Biden allies urged Jim Clyburn, the powerful Black South Carolina congressman, to endorse him, which helped Biden achieve a smashing, 29-point victory there, powered by the state’s Black voters. It amounted to a defibrillator for his candidacy. Two other moderate contenders — Minnesota Senator Amy Klobuchar and former South Bend, Ind., mayor Pete Buttigieg — quickly dropped out of the race and coalesced behind him.

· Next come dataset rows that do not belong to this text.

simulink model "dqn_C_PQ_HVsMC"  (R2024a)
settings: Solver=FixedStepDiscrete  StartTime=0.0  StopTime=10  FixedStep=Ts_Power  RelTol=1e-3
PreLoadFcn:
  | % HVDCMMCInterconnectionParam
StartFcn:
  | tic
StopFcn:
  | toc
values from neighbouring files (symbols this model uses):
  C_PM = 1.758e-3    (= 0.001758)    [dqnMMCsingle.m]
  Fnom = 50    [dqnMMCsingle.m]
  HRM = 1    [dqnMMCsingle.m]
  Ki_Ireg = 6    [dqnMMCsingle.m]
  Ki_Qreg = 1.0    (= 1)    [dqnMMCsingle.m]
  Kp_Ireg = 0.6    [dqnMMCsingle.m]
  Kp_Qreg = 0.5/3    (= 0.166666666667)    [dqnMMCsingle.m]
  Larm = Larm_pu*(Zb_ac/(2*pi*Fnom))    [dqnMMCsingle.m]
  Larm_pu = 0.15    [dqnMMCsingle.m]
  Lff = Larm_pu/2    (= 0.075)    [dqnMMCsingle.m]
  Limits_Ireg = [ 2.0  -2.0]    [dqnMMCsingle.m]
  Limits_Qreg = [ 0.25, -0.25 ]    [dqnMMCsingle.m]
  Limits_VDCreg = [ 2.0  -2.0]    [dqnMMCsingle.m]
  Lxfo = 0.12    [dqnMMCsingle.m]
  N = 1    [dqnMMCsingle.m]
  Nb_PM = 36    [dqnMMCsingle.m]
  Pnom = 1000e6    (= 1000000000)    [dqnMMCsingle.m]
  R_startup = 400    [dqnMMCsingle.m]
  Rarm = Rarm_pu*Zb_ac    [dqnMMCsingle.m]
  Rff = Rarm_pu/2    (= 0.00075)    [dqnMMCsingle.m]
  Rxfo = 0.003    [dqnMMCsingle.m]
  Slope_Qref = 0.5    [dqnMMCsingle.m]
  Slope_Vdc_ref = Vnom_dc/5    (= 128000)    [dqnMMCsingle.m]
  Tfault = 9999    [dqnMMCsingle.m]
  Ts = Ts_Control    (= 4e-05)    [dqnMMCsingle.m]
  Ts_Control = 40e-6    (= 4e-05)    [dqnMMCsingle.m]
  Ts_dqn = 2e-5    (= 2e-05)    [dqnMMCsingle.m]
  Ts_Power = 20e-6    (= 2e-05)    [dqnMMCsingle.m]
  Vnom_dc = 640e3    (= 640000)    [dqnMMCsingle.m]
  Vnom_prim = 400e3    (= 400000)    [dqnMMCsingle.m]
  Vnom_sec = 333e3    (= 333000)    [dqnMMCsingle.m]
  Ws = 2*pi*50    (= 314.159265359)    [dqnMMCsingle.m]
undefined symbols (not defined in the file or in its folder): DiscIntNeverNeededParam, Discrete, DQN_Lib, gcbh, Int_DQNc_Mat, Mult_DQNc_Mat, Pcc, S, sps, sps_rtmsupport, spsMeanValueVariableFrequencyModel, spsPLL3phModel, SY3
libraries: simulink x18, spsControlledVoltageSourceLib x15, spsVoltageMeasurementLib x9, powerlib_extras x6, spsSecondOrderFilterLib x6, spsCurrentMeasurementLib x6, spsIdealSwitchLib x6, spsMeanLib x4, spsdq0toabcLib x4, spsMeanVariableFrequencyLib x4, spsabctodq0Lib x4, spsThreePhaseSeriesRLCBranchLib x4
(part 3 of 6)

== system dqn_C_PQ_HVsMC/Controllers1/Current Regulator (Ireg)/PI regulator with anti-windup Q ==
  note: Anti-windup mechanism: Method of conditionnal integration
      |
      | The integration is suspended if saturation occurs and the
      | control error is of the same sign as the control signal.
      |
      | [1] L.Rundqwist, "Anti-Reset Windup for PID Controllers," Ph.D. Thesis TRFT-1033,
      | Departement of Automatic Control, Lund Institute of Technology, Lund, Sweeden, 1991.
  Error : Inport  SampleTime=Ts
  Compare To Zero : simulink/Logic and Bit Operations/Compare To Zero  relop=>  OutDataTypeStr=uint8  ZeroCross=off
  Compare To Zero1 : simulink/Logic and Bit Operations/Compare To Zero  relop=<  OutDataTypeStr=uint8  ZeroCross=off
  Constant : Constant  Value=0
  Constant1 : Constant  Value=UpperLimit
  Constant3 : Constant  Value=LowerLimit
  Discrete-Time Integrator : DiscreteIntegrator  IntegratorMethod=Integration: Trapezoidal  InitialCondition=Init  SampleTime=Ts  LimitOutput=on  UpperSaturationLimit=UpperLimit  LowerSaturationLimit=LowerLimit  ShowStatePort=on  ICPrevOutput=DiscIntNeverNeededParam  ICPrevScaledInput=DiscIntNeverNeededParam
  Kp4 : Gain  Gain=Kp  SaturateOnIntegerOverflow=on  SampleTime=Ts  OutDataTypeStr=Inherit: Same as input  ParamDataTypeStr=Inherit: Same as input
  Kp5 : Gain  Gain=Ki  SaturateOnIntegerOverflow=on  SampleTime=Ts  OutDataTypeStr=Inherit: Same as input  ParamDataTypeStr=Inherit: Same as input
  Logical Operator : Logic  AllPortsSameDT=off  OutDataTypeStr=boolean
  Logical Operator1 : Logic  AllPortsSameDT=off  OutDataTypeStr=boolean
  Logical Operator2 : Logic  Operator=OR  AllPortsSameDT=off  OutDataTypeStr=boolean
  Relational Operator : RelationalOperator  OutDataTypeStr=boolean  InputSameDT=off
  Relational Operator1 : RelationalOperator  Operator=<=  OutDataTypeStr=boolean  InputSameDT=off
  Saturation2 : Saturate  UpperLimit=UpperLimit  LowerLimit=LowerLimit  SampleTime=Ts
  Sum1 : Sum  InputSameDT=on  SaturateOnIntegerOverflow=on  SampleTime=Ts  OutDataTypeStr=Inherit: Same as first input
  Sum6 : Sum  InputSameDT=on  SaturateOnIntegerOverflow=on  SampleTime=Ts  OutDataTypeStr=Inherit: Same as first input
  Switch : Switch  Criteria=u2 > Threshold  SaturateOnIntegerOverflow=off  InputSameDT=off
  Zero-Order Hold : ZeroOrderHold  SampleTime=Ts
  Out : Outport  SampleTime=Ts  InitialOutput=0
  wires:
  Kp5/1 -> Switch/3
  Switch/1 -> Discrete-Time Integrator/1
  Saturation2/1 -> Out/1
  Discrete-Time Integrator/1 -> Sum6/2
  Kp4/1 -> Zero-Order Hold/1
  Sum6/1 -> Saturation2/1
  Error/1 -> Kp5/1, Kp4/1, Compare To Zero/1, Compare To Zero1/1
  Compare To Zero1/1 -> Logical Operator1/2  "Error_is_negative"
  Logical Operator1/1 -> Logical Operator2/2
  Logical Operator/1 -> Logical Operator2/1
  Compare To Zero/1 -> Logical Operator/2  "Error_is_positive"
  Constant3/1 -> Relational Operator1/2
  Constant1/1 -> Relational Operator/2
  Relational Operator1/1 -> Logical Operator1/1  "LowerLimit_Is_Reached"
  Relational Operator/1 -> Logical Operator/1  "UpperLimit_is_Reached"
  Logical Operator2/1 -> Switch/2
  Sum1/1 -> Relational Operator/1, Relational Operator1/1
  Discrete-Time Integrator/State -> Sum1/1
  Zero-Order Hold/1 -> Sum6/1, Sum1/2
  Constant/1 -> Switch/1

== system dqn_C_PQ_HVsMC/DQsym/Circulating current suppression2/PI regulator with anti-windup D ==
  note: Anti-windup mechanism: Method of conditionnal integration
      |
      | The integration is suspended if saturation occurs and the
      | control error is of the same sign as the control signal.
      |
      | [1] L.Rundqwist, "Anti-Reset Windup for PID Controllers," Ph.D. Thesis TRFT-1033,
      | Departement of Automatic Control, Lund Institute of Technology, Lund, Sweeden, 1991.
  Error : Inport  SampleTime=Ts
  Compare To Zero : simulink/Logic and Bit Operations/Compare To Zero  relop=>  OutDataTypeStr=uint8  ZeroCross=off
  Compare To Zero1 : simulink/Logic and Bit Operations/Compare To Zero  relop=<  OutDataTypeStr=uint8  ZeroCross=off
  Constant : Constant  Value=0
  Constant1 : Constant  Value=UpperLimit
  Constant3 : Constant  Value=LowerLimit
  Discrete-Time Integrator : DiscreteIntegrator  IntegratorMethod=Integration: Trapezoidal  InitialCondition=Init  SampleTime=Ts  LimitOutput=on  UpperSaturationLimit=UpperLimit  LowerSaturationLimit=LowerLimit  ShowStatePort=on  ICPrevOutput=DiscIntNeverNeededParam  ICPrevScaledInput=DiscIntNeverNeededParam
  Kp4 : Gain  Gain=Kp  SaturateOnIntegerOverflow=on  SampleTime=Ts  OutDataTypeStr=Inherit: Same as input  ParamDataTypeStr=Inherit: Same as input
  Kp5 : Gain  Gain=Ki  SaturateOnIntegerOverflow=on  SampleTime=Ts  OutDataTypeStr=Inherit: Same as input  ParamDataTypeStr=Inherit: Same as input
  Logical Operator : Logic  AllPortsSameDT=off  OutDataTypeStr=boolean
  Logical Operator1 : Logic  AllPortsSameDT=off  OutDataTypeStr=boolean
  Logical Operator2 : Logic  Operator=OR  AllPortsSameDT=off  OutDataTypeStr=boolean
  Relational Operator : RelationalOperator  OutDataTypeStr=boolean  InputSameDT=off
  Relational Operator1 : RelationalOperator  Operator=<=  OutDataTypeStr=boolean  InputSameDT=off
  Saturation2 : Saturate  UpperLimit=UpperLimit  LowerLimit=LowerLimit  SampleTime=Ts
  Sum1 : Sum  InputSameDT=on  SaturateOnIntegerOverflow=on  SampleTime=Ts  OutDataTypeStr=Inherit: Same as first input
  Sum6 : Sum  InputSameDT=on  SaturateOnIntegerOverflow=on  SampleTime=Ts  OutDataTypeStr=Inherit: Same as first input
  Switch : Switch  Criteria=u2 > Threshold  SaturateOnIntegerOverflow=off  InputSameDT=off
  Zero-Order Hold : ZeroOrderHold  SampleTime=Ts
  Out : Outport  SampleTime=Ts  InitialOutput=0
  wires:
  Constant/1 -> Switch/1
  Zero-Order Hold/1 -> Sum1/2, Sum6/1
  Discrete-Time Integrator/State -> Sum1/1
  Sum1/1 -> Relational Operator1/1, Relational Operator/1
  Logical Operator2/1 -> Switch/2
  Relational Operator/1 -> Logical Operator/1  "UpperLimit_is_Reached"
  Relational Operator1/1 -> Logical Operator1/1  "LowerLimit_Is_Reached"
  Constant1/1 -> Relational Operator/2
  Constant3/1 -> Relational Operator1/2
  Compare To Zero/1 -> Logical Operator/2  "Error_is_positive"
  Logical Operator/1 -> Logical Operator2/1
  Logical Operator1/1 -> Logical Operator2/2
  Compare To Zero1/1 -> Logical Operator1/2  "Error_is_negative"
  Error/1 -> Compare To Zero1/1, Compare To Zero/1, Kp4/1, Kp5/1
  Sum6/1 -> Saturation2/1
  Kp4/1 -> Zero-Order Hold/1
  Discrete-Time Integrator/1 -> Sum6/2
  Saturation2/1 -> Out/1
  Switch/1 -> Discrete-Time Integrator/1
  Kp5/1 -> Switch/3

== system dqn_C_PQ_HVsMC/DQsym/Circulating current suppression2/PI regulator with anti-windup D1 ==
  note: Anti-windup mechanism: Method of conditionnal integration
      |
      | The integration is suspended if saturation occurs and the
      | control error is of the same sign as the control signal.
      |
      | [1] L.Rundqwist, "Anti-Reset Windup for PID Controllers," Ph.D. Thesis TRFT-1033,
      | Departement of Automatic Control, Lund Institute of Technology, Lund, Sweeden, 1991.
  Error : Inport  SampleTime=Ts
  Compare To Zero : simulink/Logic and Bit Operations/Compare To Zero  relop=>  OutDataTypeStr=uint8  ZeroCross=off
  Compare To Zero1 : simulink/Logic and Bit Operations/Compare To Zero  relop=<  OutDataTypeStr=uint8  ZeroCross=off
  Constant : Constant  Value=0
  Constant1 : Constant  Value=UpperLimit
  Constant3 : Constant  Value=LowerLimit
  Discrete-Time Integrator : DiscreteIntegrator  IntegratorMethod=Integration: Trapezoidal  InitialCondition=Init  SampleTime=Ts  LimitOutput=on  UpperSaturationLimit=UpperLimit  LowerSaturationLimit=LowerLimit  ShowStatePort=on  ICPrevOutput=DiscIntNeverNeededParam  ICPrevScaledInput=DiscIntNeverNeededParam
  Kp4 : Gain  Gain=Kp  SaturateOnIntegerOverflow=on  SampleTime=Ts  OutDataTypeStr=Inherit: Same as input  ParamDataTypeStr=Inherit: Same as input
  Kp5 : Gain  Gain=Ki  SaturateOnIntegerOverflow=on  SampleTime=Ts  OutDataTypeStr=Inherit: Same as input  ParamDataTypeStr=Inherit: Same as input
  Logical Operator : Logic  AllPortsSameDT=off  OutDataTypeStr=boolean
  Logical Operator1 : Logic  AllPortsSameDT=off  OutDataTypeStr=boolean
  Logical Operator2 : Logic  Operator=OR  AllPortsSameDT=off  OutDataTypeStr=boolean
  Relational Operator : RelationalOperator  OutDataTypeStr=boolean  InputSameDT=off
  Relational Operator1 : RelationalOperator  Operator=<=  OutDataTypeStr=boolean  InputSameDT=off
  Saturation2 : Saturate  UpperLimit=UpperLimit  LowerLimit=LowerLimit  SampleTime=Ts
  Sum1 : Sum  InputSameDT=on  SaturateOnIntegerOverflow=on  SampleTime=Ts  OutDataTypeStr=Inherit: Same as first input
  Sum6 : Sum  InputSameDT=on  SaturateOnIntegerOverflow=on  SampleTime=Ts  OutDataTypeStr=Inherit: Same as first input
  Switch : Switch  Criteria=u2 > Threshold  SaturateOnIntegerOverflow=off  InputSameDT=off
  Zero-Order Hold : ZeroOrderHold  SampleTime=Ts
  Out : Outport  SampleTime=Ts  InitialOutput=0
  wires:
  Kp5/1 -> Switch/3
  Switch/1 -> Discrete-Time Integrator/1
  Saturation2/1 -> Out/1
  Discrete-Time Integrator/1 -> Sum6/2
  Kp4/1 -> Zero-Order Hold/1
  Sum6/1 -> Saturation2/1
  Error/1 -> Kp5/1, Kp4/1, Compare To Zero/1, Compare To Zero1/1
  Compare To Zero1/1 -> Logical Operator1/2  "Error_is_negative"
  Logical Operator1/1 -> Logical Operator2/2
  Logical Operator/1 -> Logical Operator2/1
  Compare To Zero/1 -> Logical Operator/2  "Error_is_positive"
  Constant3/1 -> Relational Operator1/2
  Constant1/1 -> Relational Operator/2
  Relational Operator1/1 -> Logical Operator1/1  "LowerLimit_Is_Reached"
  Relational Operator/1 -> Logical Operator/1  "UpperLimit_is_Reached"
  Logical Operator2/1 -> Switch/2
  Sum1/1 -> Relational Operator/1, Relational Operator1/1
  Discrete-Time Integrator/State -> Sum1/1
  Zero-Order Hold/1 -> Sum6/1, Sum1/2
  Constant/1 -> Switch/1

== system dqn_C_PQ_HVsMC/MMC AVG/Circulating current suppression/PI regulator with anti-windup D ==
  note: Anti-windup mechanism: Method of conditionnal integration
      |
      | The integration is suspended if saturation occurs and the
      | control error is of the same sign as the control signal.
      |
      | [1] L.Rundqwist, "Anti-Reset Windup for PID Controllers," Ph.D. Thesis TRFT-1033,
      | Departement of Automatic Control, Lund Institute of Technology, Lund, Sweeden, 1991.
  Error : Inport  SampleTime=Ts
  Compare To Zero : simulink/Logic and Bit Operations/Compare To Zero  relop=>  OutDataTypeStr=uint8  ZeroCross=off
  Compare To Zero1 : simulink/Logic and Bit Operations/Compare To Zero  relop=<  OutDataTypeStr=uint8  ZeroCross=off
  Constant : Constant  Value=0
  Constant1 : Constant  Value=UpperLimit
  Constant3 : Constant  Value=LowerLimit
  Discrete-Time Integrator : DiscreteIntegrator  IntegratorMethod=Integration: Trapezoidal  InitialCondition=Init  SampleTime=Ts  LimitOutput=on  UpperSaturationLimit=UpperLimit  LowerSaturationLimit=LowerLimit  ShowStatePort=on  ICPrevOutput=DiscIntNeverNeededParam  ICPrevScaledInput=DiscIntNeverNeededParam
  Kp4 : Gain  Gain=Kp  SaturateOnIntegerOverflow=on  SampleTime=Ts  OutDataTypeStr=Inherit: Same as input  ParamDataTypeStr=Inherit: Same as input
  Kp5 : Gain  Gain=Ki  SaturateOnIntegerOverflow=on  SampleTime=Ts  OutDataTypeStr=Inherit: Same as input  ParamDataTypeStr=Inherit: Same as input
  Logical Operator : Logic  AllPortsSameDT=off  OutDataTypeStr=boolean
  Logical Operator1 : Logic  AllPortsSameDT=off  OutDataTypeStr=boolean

By Super Tuesday, Biden was winning primaries in states — like Massachusetts — where he barely campaigned. Yet as soon as it was clear that he had an insurmountable lead over Sanders, the second-to-last candidate standing, the onset of the COVID-19 pandemic shut the nation down and suspended all normal campaigning.
Biden sought to turn the race into a referendum on Trump’s handling of the pandemic — an issue that drowned out others, like immigration or the president’s impeachment. With livestreamed speeches from his home in Delaware, he accused Trump of not having a plan to defeat the virus. The drumbeat of deaths seemed to drive home his point.
Trump urged states to reopen their economies. In May, when a Minneapolis police officer killed a Black man named George Floyd, Trump dismissed the Black Lives Matter protests that spread across the nation, attempting to depict them as “riots” that would endanger white voters' quiet lives in the suburbs. As protesters tore down Confederate statues, Trump launched a spirited defense of American “heritage.”
By late summer, Trump had relaunched his raucous campaign rallies, crisscrossing the country while Biden stayed quieter and closer to home, betting that voters tired of Trump’s cacophony would reward his discipline.
It is not clear how many minds that changed. An AP analysis found Trump performed well in parts of the country that have the highest rates of the virus. And Democrats who are evaluating their losses in the House and their failure to pick up control of any new state Legislative chambers already are debating whether it was a mistake to so sharply curb in-person campaigning.